• Exercise input
---

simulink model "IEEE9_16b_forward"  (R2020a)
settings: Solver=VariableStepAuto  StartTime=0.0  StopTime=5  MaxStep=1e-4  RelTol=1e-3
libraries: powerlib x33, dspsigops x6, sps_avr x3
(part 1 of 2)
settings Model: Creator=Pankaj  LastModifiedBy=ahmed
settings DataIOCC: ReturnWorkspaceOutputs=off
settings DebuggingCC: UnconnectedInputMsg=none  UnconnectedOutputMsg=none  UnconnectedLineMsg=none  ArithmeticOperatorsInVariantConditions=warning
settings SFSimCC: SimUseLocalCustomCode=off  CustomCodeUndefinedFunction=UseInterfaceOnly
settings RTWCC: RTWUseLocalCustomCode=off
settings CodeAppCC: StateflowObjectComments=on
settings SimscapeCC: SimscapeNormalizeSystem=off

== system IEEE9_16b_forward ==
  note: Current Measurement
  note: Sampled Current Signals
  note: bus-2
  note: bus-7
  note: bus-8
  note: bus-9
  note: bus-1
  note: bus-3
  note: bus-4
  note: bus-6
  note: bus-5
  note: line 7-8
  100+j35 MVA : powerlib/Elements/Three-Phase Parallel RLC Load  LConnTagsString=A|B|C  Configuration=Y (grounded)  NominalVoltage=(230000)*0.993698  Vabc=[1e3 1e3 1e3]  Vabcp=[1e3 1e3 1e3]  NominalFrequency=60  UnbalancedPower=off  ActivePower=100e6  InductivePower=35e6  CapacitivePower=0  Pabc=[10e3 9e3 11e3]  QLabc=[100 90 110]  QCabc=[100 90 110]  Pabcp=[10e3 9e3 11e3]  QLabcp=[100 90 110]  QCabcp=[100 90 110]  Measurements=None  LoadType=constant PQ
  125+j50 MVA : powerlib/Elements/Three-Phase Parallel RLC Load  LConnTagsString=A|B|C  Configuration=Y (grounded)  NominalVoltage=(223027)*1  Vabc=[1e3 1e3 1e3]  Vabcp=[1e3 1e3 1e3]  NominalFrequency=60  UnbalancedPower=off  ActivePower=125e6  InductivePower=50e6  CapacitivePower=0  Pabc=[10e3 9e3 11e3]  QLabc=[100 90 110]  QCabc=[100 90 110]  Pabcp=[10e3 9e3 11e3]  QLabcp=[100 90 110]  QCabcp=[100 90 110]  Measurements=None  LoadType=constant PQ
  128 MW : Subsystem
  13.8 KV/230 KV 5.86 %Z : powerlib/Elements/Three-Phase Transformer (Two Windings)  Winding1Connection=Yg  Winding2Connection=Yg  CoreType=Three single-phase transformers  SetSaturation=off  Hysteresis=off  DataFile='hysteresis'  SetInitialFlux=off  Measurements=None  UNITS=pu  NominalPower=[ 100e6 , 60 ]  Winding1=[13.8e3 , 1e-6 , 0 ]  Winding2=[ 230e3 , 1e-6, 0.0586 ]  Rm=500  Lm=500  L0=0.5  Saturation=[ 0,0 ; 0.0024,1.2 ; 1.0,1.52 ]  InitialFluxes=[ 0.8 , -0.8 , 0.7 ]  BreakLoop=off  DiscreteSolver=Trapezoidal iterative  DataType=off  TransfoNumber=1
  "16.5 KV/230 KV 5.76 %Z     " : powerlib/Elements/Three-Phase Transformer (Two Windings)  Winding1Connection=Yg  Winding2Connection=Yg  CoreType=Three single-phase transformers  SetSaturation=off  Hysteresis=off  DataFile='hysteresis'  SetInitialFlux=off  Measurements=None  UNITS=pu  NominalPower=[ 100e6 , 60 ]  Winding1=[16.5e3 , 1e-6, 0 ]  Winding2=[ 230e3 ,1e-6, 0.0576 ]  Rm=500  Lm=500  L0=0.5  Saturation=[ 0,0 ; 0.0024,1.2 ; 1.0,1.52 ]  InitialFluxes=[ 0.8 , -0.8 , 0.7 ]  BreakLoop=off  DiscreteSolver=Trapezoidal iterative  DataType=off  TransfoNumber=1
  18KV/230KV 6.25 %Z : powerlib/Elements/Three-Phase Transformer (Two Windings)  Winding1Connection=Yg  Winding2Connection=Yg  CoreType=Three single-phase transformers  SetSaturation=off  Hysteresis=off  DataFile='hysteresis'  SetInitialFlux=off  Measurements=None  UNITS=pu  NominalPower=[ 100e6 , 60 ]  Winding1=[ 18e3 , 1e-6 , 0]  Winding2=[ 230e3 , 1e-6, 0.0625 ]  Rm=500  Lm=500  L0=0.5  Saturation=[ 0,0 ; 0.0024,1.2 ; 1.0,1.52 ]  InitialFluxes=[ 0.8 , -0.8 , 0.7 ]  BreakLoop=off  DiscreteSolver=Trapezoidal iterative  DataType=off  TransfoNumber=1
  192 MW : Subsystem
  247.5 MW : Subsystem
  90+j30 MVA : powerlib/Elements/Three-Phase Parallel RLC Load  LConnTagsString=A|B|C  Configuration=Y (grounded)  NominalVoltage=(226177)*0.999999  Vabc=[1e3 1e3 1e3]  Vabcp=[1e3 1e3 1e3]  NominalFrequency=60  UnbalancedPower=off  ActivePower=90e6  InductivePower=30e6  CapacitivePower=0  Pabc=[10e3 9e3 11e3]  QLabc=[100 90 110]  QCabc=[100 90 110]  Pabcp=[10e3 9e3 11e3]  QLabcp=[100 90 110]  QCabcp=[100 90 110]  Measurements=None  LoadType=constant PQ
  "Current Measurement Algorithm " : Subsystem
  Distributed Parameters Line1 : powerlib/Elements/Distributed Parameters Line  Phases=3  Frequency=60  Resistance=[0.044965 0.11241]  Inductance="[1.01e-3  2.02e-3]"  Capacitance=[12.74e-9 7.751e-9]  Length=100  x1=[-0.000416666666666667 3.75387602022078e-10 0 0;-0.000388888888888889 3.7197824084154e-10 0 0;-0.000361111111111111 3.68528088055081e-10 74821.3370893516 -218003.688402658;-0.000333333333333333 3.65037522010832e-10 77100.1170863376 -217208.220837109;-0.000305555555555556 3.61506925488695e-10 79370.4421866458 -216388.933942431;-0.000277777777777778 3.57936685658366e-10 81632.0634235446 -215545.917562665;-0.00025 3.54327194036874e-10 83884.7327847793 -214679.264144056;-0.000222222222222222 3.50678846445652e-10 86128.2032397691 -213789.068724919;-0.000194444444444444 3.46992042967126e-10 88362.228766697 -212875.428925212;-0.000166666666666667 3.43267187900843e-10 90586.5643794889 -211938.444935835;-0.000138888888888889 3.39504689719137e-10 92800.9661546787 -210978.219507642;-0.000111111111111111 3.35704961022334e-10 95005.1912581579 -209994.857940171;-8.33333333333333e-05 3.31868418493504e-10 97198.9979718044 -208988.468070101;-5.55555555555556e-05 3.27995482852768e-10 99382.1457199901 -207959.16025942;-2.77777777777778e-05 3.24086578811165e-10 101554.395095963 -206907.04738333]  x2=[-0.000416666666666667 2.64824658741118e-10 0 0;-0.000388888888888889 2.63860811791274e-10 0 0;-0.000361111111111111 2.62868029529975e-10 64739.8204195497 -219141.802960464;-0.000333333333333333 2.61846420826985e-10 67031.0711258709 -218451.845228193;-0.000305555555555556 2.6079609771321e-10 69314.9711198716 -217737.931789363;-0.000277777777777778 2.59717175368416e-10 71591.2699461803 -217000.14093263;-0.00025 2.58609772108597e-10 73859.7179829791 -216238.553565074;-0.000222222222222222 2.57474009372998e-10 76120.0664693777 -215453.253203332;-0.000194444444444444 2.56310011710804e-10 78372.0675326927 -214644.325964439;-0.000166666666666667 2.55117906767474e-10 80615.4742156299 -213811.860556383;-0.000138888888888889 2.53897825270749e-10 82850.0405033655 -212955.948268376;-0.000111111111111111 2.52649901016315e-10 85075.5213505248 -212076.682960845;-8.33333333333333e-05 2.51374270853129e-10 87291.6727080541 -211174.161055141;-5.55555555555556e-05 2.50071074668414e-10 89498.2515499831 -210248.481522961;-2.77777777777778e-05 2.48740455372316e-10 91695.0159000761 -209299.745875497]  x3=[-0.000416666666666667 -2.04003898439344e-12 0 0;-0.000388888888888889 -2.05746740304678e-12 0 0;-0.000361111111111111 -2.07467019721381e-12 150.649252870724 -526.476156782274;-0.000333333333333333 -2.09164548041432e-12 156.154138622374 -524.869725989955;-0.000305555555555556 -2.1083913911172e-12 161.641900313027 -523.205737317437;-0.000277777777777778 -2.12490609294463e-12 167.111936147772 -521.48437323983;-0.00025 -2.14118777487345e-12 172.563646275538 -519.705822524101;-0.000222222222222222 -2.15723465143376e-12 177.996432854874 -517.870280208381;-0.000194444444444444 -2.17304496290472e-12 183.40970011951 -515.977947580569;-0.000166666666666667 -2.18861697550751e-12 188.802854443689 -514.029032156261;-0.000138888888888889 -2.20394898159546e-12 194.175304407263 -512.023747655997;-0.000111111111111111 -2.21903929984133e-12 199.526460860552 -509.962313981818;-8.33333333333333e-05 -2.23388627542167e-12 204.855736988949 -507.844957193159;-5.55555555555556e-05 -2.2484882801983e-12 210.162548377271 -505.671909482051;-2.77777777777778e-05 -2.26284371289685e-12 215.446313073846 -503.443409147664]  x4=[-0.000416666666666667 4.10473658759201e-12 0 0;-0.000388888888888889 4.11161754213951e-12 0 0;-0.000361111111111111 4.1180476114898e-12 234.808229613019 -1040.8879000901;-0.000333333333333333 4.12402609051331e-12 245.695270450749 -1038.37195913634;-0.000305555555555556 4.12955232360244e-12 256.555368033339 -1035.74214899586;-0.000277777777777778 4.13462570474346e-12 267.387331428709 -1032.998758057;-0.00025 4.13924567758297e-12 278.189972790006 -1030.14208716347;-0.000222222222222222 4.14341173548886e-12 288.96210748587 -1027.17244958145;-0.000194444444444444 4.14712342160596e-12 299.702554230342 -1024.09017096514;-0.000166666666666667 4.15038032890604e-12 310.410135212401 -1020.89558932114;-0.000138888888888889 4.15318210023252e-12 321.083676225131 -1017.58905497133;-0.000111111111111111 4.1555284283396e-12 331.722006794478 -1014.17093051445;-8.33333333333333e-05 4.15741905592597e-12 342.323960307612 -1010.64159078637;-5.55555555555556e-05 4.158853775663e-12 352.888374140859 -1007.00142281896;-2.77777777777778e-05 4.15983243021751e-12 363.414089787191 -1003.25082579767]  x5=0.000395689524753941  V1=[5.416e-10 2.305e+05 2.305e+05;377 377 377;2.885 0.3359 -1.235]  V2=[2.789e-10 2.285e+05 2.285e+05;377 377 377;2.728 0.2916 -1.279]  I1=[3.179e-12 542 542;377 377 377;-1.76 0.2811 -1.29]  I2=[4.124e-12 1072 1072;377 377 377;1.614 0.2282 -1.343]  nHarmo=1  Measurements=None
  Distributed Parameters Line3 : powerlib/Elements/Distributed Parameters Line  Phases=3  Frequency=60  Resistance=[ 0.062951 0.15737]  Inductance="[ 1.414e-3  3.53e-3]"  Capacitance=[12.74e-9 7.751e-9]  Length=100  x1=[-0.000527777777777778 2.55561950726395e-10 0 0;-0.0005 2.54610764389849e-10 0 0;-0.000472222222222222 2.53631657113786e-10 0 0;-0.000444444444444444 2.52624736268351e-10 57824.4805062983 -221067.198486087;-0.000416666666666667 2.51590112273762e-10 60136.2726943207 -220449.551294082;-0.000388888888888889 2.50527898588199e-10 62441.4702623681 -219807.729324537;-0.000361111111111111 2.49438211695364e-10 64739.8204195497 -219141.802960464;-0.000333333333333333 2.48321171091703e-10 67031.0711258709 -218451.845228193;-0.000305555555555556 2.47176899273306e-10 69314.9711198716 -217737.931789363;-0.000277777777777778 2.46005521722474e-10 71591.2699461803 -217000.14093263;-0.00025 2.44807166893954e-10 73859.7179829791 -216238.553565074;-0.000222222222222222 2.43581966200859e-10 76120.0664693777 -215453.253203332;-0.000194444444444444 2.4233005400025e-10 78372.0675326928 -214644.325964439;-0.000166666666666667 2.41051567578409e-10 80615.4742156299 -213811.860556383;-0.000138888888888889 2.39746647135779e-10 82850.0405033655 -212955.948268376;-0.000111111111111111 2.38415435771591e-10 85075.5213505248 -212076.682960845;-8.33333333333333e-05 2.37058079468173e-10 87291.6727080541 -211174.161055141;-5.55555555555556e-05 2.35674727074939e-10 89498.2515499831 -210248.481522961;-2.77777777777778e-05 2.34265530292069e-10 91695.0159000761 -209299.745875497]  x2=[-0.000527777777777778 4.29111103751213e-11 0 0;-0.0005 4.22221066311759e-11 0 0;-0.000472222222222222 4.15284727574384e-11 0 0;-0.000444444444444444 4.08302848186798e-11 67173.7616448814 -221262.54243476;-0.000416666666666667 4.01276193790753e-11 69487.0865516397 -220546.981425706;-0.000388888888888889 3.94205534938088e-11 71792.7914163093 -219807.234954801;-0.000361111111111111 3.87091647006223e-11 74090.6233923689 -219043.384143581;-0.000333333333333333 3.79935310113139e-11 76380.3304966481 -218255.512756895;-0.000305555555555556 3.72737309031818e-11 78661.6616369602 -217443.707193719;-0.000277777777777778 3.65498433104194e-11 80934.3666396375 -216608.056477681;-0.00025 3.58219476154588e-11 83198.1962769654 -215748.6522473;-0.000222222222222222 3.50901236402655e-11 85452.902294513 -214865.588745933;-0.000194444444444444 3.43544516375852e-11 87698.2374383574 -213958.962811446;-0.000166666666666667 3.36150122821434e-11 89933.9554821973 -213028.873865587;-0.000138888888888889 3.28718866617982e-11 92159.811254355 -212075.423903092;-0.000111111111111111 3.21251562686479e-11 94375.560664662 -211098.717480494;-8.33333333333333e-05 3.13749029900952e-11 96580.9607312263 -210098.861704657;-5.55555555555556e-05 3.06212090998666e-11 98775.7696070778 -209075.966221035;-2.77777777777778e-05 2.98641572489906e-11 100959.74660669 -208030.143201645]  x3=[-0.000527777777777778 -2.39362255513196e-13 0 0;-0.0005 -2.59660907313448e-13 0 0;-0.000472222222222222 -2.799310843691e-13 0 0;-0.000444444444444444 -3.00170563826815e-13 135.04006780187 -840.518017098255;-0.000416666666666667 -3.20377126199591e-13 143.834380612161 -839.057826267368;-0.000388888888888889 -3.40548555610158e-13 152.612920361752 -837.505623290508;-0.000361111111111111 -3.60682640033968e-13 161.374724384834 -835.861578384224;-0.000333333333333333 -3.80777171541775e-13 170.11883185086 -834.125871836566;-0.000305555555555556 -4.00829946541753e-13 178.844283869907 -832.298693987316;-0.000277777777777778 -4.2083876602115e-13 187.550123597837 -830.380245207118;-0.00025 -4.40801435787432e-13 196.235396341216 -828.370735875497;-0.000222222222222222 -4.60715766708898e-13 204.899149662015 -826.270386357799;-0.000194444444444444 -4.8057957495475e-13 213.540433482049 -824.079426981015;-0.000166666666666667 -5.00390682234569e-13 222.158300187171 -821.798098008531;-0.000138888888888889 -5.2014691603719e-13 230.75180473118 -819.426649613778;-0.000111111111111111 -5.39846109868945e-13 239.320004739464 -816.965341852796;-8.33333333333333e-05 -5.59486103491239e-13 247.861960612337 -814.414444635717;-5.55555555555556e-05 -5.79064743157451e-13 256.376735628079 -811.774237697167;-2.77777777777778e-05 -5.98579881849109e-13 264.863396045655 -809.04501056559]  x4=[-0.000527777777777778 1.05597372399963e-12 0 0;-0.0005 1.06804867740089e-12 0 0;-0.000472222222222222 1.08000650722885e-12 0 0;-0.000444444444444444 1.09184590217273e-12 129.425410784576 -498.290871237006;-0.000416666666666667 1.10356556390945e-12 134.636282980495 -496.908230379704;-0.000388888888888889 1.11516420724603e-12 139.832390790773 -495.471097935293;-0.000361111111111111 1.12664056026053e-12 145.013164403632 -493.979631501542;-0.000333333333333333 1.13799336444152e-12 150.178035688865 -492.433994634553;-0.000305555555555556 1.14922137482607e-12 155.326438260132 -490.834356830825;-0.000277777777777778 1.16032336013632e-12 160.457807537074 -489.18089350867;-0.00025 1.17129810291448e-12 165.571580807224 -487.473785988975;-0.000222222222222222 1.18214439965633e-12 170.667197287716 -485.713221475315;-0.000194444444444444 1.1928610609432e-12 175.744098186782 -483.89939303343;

---

Send back exactly the lines of the listing above starting at the one with "note: bus-5" and ending at the one with "KV/230 KV 5.76", inclusive, and no others.

• Solution below
  note: bus-5
  note: line 7-8
  100+j35 MVA : powerlib/Elements/Three-Phase Parallel RLC Load  LConnTagsString=A|B|C  Configuration=Y (grounded)  NominalVoltage=(230000)*0.993698  Vabc=[1e3 1e3 1e3]  Vabcp=[1e3 1e3 1e3]  NominalFrequency=60  UnbalancedPower=off  ActivePower=100e6  InductivePower=35e6  CapacitivePower=0  Pabc=[10e3 9e3 11e3]  QLabc=[100 90 110]  QCabc=[100 90 110]  Pabcp=[10e3 9e3 11e3]  QLabcp=[100 90 110]  QCabcp=[100 90 110]  Measurements=None  LoadType=constant PQ
  125+j50 MVA : powerlib/Elements/Three-Phase Parallel RLC Load  LConnTagsString=A|B|C  Configuration=Y (grounded)  NominalVoltage=(223027)*1  Vabc=[1e3 1e3 1e3]  Vabcp=[1e3 1e3 1e3]  NominalFrequency=60  UnbalancedPower=off  ActivePower=125e6  InductivePower=50e6  CapacitivePower=0  Pabc=[10e3 9e3 11e3]  QLabc=[100 90 110]  QCabc=[100 90 110]  Pabcp=[10e3 9e3 11e3]  QLabcp=[100 90 110]  QCabcp=[100 90 110]  Measurements=None  LoadType=constant PQ
  128 MW : Subsystem
  13.8 KV/230 KV 5.86 %Z : powerlib/Elements/Three-Phase Transformer (Two Windings)  Winding1Connection=Yg  Winding2Connection=Yg  CoreType=Three single-phase transformers  SetSaturation=off  Hysteresis=off  DataFile='hysteresis'  SetInitialFlux=off  Measurements=None  UNITS=pu  NominalPower=[ 100e6 , 60 ]  Winding1=[13.8e3 , 1e-6 , 0 ]  Winding2=[ 230e3 , 1e-6, 0.0586 ]  Rm=500  Lm=500  L0=0.5  Saturation=[ 0,0 ; 0.0024,1.2 ; 1.0,1.52 ]  InitialFluxes=[ 0.8 , -0.8 , 0.7 ]  BreakLoop=off  DiscreteSolver=Trapezoidal iterative  DataType=off  TransfoNumber=1
  "16.5 KV/230 KV 5.76 %Z     " : powerlib/Elements/Three-Phase Transformer (Two Windings)  Winding1Connection=Yg  Winding2Connection=Yg  CoreType=Three single-phase transformers  SetSaturation=off  Hysteresis=off  DataFile='hysteresis'  SetInitialFlux=off  Measurements=None  UNITS=pu  NominalPower=[ 100e6 , 60 ]  Winding1=[16.5e3 , 1e-6, 0 ]  Winding2=[ 230e3 ,1e-6, 0.0576 ]  Rm=500  Lm=500  L0=0.5  Saturation=[ 0,0 ; 0.0024,1.2 ; 1.0,1.52 ]  InitialFluxes=[ 0.8 , -0.8 , 0.7 ]  BreakLoop=off  DiscreteSolver=Trapezoidal iterative  DataType=off  TransfoNumber=1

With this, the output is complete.